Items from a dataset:
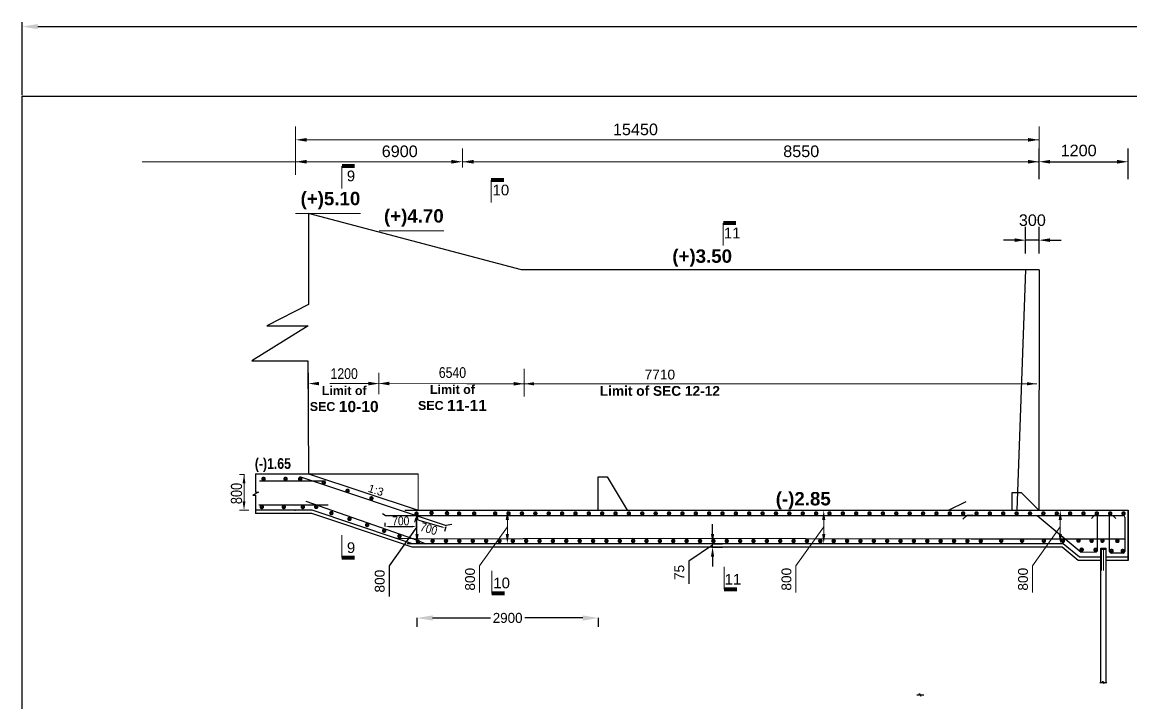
# Model space of a CAD drawing. Extents: x -426260 to 2055400, y -4304674 to -305611.
# Drawn here: x 684980 to 709858, y -1915669 to -1900385 of the extents above; entities that cross this region are included whole.
import ezdxf

# ---------------------------------------------------------------- set-up
doc = ezdxf.new("R2010")
doc.units = 0
doc.header["$LTSCALE"] = 300
doc.header["$MEASUREMENT"] = 0
doc.header["$PDMODE"] = 3
doc.linetypes.add('DASHED2', pattern=[9.525, 6.35, -3.175])
doc.layers.get('0').update_dxf_attribs({"linetype": 'CONTINUOUS'})
doc.layers.get('DEFPOINTS').update_dxf_attribs({"linetype": 'CONTINUOUS'})
for name, color, linetype, lineweight in [('CAR', 5, 'CONTINUOUS', 18), ('Dim', 7, 'CONTINUOUS', 9), ('HATCH', 252, 'CONTINUOUS', 5), ('line2', 3, 'CONTINUOUS', 30), ('ROD', 1, 'CONTINUOUS', 30), ('slop', 8, 'CONTINUOUS', 9)]:
    doc.layers.add(name, color=color, linetype=linetype, lineweight=lineweight)
for name, color, linetype in [('LINE', 7, 'CONTINUOUS'), ('TEXT', 10, 'CONTINUOUS'), ('TXT', 7, 'CONTINUOUS')]:
    doc.layers.add(name, color=color, linetype=linetype)
doc.styles.add('Arial', font='arial.ttf')
doc.styles.add('DIM', font='isocp3.shx')
doc.styles.add('dimText', font='ARIALN.TTF')
doc.dimstyles.new('3', dxfattribs={"dimtxt": 225, "dimasz": 350, "dimexe": 100, "dimexo": 25, "dimgap": 9, "dimtad": 0, "dimdec": 0, "dimzin": 0, "dimdsep": 46, "dimtxsty": 'Standard', "dimcen": 0, "dimclrd": 5, "dimclre": 6, "dimclrt": 256, "dimadec": 0, "dimazin": 0, "dimtfac": 1, "dimtdec": 0, "dimtofl": 0, "dimtmove": 2, "dimatfit": 3, "dimfxl": 1, "dimtolj": 1, "dimtzin": 0, "dimarcsym": 0})
doc.dimstyles.new('dim n_120', dxfattribs={"dimtxt": 240, "dimasz": 240, "dimexe": 240, "dimexo": 150, "dimgap": 100, "dimtad": 2, "dimdec": 0, "dimzin": 0, "dimdsep": 46, "dimtxsty": 'DIM', "dimcen": 350, "dimclrd": 5, "dimclre": 5, "dimclrt": 7, "dimadec": 0, "dimazin": 0, "dimtfac": 1, "dimtdec": 0, "dimtmove": 0, "dimatfit": 3, "dimfxl": 240, "dimfxlon": 1, "dimtolj": 1, "dimtzin": 0, "dimarcsym": 0})
doc.dimstyles.new('dim_250', dxfattribs={"dimtxt": 500, "dimasz": 500, "dimexe": 500, "dimexo": 100, "dimgap": 150, "dimtad": 1, "dimdec": 0, "dimzin": 0, "dimdsep": 46, "dimtxsty": 'Arial', "dimcen": 350, "dimclrd": 5, "dimclre": 5, "dimclrt": 7, "dimadec": 0, "dimazin": 0, "dimtfac": 1, "dimtdec": 0, "dimtmove": 0, "dimatfit": 3, "dimfxl": 500, "dimfxlon": 1, "dimtolj": 1, "dimtzin": 0, "dimarcsym": 0})

# ---------------------------------------------------------------- blocks, each defined once
blk = doc.blocks.new('*D885')
at = {"layer": 'DEFPOINTS', "color": 0, "ltscale": 50, "transparency": 16777216}
for p in [(707498, -1905280), (707498, -1905679), (707798, -1905679)]:
    blk.add_point(p, dxfattribs=at)
at = {"layer": 'Dim', "color": 5, "lineweight": -2, "ltscale": 50, "transparency": 16777216}
for p, q in [((707498, -1905579), (707498, -1904980)), ((707798, -1905579), (707798, -1904980)), ((707248, -1905280), (706998, -1905280)), ((707798, -1905280), (707498, -1905280)), ((708048, -1905280), (708298, -1905280))]:
    blk.add_line(p, q, dxfattribs=at)
at = {"layer": 'Dim', "color": 5, "ltscale": 50, "transparency": 16777216}
for points in [[(707248, -1905238), (707248, -1905321), (707498, -1905280)], [(708048, -1905238), (708048, -1905321), (707798, -1905280)]]:
    blk.add_solid(points, dxfattribs=at)
at = {"layer": 'Dim', "color": 7, "ltscale": 50, "transparency": 16777216, "insert": (707648, -1904833), "char_height": 260, "attachment_point": 5, "style": 'Arial'}
blk.add_mtext('\\A1;300', dxfattribs=at)
blk = doc.blocks.new('*D886')
at = {"layer": 'DEFPOINTS', "color": 0, "ltscale": 50, "transparency": 16777216}
for p in [(709798, -1903519), (707798, -1904010), (709798, -1904010)]:
    blk.add_point(p, dxfattribs=at)
at = {"layer": 'Dim', "color": 5, "lineweight": -2, "ltscale": 50, "transparency": 16777216}
for p, q in [((707798, -1903910), (707798, -1903219)), ((709798, -1903910), (709798, -1903219)), ((708048, -1903519), (709548, -1903519))]:
    blk.add_line(p, q, dxfattribs=at)
at = {"layer": 'Dim', "color": 5, "ltscale": 50, "transparency": 16777216}
for points in [[(708048, -1903478), (708048, -1903561), (707798, -1903519)], [(709548, -1903478), (709548, -1903561), (709798, -1903519)]]:
    blk.add_solid(points, dxfattribs=at)
at = {"layer": 'Dim', "color": 7, "ltscale": 50, "transparency": 16777216, "insert": (708687, -1903268), "char_height": 260, "attachment_point": 5, "style": 'Arial'}
blk.add_mtext('\\A1;1200', dxfattribs=at)
blk = doc.blocks.new('*D887')
at = {"layer": 'DEFPOINTS', "color": 0, "ltscale": 50, "transparency": 16777216}
for p in [(700358, -1912095), (700358, -1912170), (700472, -1912095)]:
    blk.add_point(p, dxfattribs=at)
at = {"layer": 'Dim', "color": 5, "lineweight": -2, "ltscale": 50, "transparency": 16777216}
for p, q in [((700472, -1911875), (700472, -1911655)), ((700472, -1912132), (699940, -1912484)), ((700458, -1912095), (700692, -1912095)), ((700458, -1912170), (700692, -1912170)), ((700472, -1912170), (700472, -1912095)), ((700472, -1912170), (700472, -1912095)), ((699940, -1912484), (699940, -1912999)), ((700472, -1912390), (700472, -1912610))]:
    blk.add_line(p, q, dxfattribs=at)
at = {"layer": 'Dim', "color": 5, "ltscale": 50, "transparency": 16777216}
for points in [[(700435, -1911875), (700509, -1911875), (700472, -1912095)], [(700435, -1912390), (700509, -1912390), (700472, -1912170)]]:
    blk.add_solid(points, dxfattribs=at)
at = {"layer": 'Dim', "color": 7, "ltscale": 50, "transparency": 16777216, "insert": (699728, -1912741), "char_height": 220, "attachment_point": 5, "rotation": 90, "style": 'Arial'}
blk.add_mtext('\\A1;75', dxfattribs=at)
blk = doc.blocks.new('*U873')
at = {"layer": 'ROD', "const_width": 53.8}
blk.add_lwpolyline([(22, 7, -1), (-22, -7, -1)], format="xyb", close=True, dxfattribs=at)
blk = doc.blocks.new('*U874')
at = {"layer": 'Dim', "color": 0, "linetype": 'ByBlock', "lineweight": -2, "transparency": 16777216}
for p in [(0, 0), (300, 0), (600, 0), (900, 0), (1200, 0), (1500, 0), (1800, 0), (2100, 0), (2400, 0), (2700, 0), (3000, 0), (3300, 0), (3600, 0), (3900, 0), (4200, 0), (4500, 0), (4800, 0), (5100, 0), (5400, 0), (5700, 0), (6000, 0), (6300, 0), (6600, 0), (6900, 0), (7200, 0), (7500, 0), (7800, 0), (8100, 0), (8400, 0), (8700, 0), (9000, 0), (9300, 0), (9600, 0), (9900, 0), (10200, 0), (10500, 0), (10800, 0), (11100, 0), (11400, 0), (11700, 0), (12000, 0), (12300, 0), (12600, 0), (12900, 0), (13200, 0), (13500, 0), (13800, 0), (14100, 0)]:
    blk.add_blockref('*U873', p, dxfattribs=at)
blk = doc.blocks.new('*U871')
at = {"layer": 'ROD', "const_width": 53.8}
blk.add_lwpolyline([(22, 7, -1), (-22, -7, -1)], format="xyb", close=True, dxfattribs=at)
blk = doc.blocks.new('*U872')
at = {"layer": 'Dim', "color": 0, "linetype": 'ByBlock', "lineweight": -2, "transparency": 16777216}
for p in [(0, 0), (300, 0), (600, 0), (900, 0), (1200, 0), (1500, 0), (1800, 0), (2100, 0), (2400, 0), (2700, 0), (3000, 0), (3300, 0), (3600, 0), (3900, 0), (4200, 0), (4500, 0), (4800, 0), (5100, 0), (5400, 0), (5700, 0), (6000, 0), (6300, 0), (6600, 0), (6900, 0), (7200, 0), (7500, 0), (7800, 0), (8100, 0), (8400, 0), (8700, 0), (9000, 0), (9300, 0), (9600, 0), (9900, 0), (10200, 0), (10500, 0), (10800, 0), (11100, 0), (11400, 0), (11700, 0), (12000, 0), (12300, 0)]:
    blk.add_blockref('*U871', p, dxfattribs=at)
blk = doc.blocks.new('SEX')
at = {"layer": 'Dim', "color": 6, "ltscale": 500}
blk.add_lwpolyline([(0, 0, 60, 60, 0), (192, 0, 0, 0, 0)], format="xyseb", dxfattribs=at)
blk.add_lwpolyline([(0, -337), (0, 0), (0, 0)], dxfattribs=at)
blk = doc.blocks.new('*D888')
at = {"layer": 'DEFPOINTS', "color": 0, "ltscale": 50, "transparency": 16777216}
for p in [(693826, -1911471), (694477, -1911742), (694498, -1911670)]:
    blk.add_point(p, dxfattribs=at)
at = {"layer": 'Dim', "color": 5, "lineweight": -2, "ltscale": 50, "transparency": 16777216}
for p, q in [((693812, -1911519), (693782, -1911620)), ((693882, -1911566), (694400, -1911720)), ((694484, -1911718), (694454, -1911819))]:
    blk.add_line(p, q, dxfattribs=at)
at = {"layer": 'Dim', "color": 5, "ltscale": 50, "transparency": 16777216}
for points in [[(693885, -1911554), (693878, -1911579), (693805, -1911544)], [(694404, -1911707), (694396, -1911733), (694477, -1911742)]]:
    blk.add_solid(points, dxfattribs=at)
at = {"layer": 'Dim', "color": 7, "ltscale": 50, "transparency": 16777216, "insert": (694106, -1911760), "char_height": 200, "attachment_point": 5, "rotation": 343.5219, "style": 'dimText'}
blk.add_mtext('\\A1;700', dxfattribs=at)
blk = doc.blocks.new('*D889')
at = {"layer": 'DEFPOINTS', "color": 0, "ltscale": 50, "transparency": 16777216}
for p in [(693126, -1911746), (693826, -1911707), (693826, -1911761)]:
    blk.add_point(p, dxfattribs=at)
at = {"layer": 'Dim', "color": 5, "lineweight": -2, "ltscale": 50, "transparency": 16777216}
for p, q in [((693126, -1911707), (693126, -1911627)), ((693206, -1911707), (693746, -1911707)), ((693826, -1911711), (693826, -1911627))]:
    blk.add_line(p, q, dxfattribs=at)
at = {"layer": 'Dim', "color": 5, "ltscale": 50, "transparency": 16777216}
for points in [[(693206, -1911694), (693206, -1911721), (693126, -1911707)], [(693746, -1911694), (693746, -1911721), (693826, -1911707)]]:
    blk.add_solid(points, dxfattribs=at)
at = {"layer": 'Dim', "color": 7, "ltscale": 50, "transparency": 16777216, "insert": (693476, -1911585), "char_height": 200, "attachment_point": 5, "style": 'dimText'}
blk.add_mtext('\\A1;700', dxfattribs=at)
blk = doc.blocks.new('*D883')
at = {"layer": 'DEFPOINTS', "color": 0, "ltscale": 50, "transparency": 16777216}
for p in [(693464, -1911345), (693840, -1911345), (693882, -1912095)]:
    blk.add_point(p, dxfattribs=at)
at = {"layer": 'Dim', "color": 5, "lineweight": -2, "ltscale": 50, "transparency": 16777216}
for p, q in [((693564, -1911345), (694060, -1911345)), ((693840, -1911875), (693840, -1911565)), ((693840, -1911720), (693217, -1912594)), ((693840, -1912095), (693620, -1912095)), ((693217, -1912594), (693217, -1913279))]:
    blk.add_line(p, q, dxfattribs=at)
at = {"layer": 'Dim', "color": 5, "ltscale": 50, "transparency": 16777216}
for points in [[(693804, -1911565), (693877, -1911565), (693840, -1911345)], [(693804, -1911875), (693877, -1911875), (693840, -1912095)]]:
    blk.add_solid(points, dxfattribs=at)
at = {"layer": 'Dim', "color": 7, "ltscale": 50, "transparency": 16777216, "insert": (693005, -1912936), "char_height": 220, "attachment_point": 5, "rotation": 90, "style": 'Arial'}
blk.add_mtext('\\A1;800', dxfattribs=at)
blk = doc.blocks.new('*D884')
at = {"layer": 'DEFPOINTS', "color": 0, "linetype": 'ByBlock', "transparency": 16777216}
for p in [(693840, -1911345), (697908, -1911343), (697908, -1913763)]:
    blk.add_point(p, dxfattribs=at)
at = {"layer": 'LINE', "color": 6, "linetype": 'ByBlock', "lineweight": -2, "transparency": 16777216}
for p, q in [((693840, -1913762), (693840, -1913963)), ((697908, -1913762), (697908, -1913963))]:
    blk.add_line(p, q, dxfattribs=at)
at = {"layer": 'LINE', "color": 5, "linetype": 'ByBlock', "lineweight": -2, "transparency": 16777216}
for p, q in [((694190, -1913763), (695490, -1913763)), ((697558, -1913763), (696258, -1913763))]:
    blk.add_line(p, q, dxfattribs=at)
at = {"layer": 'LINE', "color": 5, "linetype": 'ByBlock', "transparency": 16777216}
for points in [[(694190, -1913705), (694190, -1913822), (693840, -1913763)], [(697558, -1913705), (697558, -1913822), (697908, -1913763)]]:
    blk.add_solid(points, dxfattribs=at)
at = {"layer": 'LINE', "linetype": 'ByBlock', "lineweight": -2, "transparency": 16777216, "insert": (695874, -1913763), "char_height": 225, "attachment_point": 5}
blk.add_mtext('\\A1;2900', dxfattribs=at)

msp = doc.modelspace()

# ---------------------------------------------------------------- hatches: boundary and pattern name
at = {"layer": 'HATCH', "ltscale": 10}
h = msp.add_hatch(dxfattribs=at)
h.set_pattern_fill('ANSI31', color=256, scale=375, angle=45, style=0)
h.set_pattern_definition([(90, (644560.46, -1902995.943), (-46.875, 7e-15), [])])
h.paths.add_polyline_path([(709307, -1912695.4), (709262.7, -1912695.4), (709262.7, -1912681.9), (709234.7, -1912708), (709234.7, -1912695.4), (709187, -1912695.4), (709187, -1912221.8), (709307, -1912221.8)])

# ---------------------------------------------------------------- linework, layer by layer
at = {"color": 7}
for points in [[(691117, -1910523.3), (691616.9, -1910523.3)], [(693866.4, -1911344.6), (709797.4, -1911344.6)]]:
    msp.add_lwpolyline(points, dxfattribs=at)
at = {"layer": 'CAR', "color": 1}
msp.add_line((693866.9, -1911344.8), (693866.9, -1910523.3), dxfattribs=at)
at = {"layer": 'Dim', "color": 5, "ltscale": 50}
for p, q in [((691117, -1903395.3), (691117, -1902727.4)), ((707797.5, -1903293.7), (707797.5, -1902727.4)), ((691367, -1903027.4), (707797.5, -1903027.4)), ((691117, -1903814.7), (691117, -1903219.3)), ((694860.1, -1903519.3), (694860.1, -1903219.3)), ((694860.1, -1903651.6), (694860.1, -1903219.3)), ((707797.5, -1903910.2), (707797.5, -1903219.3)), ((687670.1, -1903519.3), (694610.1, -1903519.3)), ((707797.5, -1903519.3), (694860.1, -1903519.3)), ((691402.4, -1908260.2), (691402.4, -1908740.2)), ((691402.4, -1908260.2), (691402.4, -1908740.2)), ((692980.2, -1908258.7), (692980.2, -1908738.7)), ((692980.2, -1908258.7), (692980.2, -1908738.7)), ((696248.4, -1908169.7), (696248.4, -1908724.7)), ((696248.4, -1908308.4), (696248.4, -1908788.4)), ((696248.4, -1908308.4), (696248.4, -1908788.4)), ((692749.1, -1908500.2), (691883.7, -1908500.5)), ((692694.8, -1908501.7), (694959.6, -1908504.7)), ((707745.4, -1908504.9), (694959.6, -1908504.7)), ((707797.5, -1908922.4), (707797.5, -1909642.4)), ((689969.7, -1910538.3), (689858.7, -1910538.3)), ((689958.7, -1910538.3), (689958.7, -1911144.8)), ((690067.9, -1911344.8), (689858.7, -1911344.8)), ((695591.1, -1911344.7), (696087.4, -1911344.7)), ((702690.6, -1911344.7), (703187, -1911344.7)), ((707998.9, -1911344.6), (708495.2, -1911344.6)), ((695867.4, -1911875.1), (695867.4, -1911564.7)), ((702967, -1911875), (702967, -1911564.7)), ((708275.2, -1911875), (708275.2, -1911564.6)), ((695867.4, -1911719.9), (695244, -1912593.8)), ((702967, -1911719.8), (702343.5, -1912593.7)), ((708275.2, -1911719.8), (707651.7, -1912593.6)), ((695867.4, -1912095.1), (695647.4, -1912095.1)), ((702967, -1912095), (702747, -1912095)), ((708275.2, -1912095), (708055.2, -1912095)), ((695244, -1912593.8), (695244, -1913192.8)), ((702343.5, -1912593.7), (702343.5, -1913192.7)), ((707651.7, -1912593.6), (707651.7, -1913192.7))]:
    msp.add_line(p, q, dxfattribs=at)
at = {"layer": 'Dim', "color": 8, "ltscale": 500}
for p, q in [((692570.8, -1904677.9), (691117, -1904677.9)), ((694442.4, -1905067.5), (692988.6, -1905067.5))]:
    msp.add_line(p, q, dxfattribs=at)
at = {"layer": 'Dim', "color": 8, "linetype": 'Continuous', "ltscale": 500}
for p, q in [((709797.5, -1911763.2), (709797.5, -1911763.2)), ((709798.1, -1912063.3), (709798.1, -1912063.3)), ((709797.5, -1912231.6), (709797.5, -1912231.6)), ((709798.1, -1912381.7), (709798.1, -1912381.7))]:
    msp.add_line(p, q, dxfattribs=at)
at = {"layer": 'Dim', "ltscale": 500}
for points in [[(709797.4, -1911544.8), (709797.4, -1911544.8)], [(709797.4, -1911544.8), (709797.4, -1911544.8)], [(709798.1, -1912044.8), (709797.4, -1911544.8)], [(709798, -1911494.8), (709798, -1911494.8)], [(709798, -1911494.8), (709798, -1911494.8)]]:
    msp.add_lwpolyline(points, dxfattribs=at)
at = {"layer": 'Dim', "color": 5, "ltscale": 50}
for points in [[(691367, -1902985.7), (691367, -1903069), (691117, -1903027.4)], [(707547.5, -1902985.7), (707547.5, -1903069), (707797.5, -1903027.4)], [(691367, -1903477.6), (691367, -1903561), (691117, -1903519.3)], [(694610.1, -1903477.6), (694610.1, -1903561), (694860.1, -1903519.3)], [(695110.1, -1903477.6), (695110.1, -1903561), (694860.1, -1903519.3)], [(707547.5, -1903477.6), (707547.5, -1903561), (707797.5, -1903519.3)], [(691642.4, -1908460.2), (691642.4, -1908540.2), (691402.4, -1908500.2)], [(692749.1, -1908460.2), (692749.1, -1908540.2), (692989.1, -1908500.2)], [(693220.2, -1908458.7), (693220.2, -1908538.7), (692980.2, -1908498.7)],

**WORK INSTRUCTION:**
Give only the count of lines in the data that include the string "dimdsep".

**ANSWER BELOW:**
3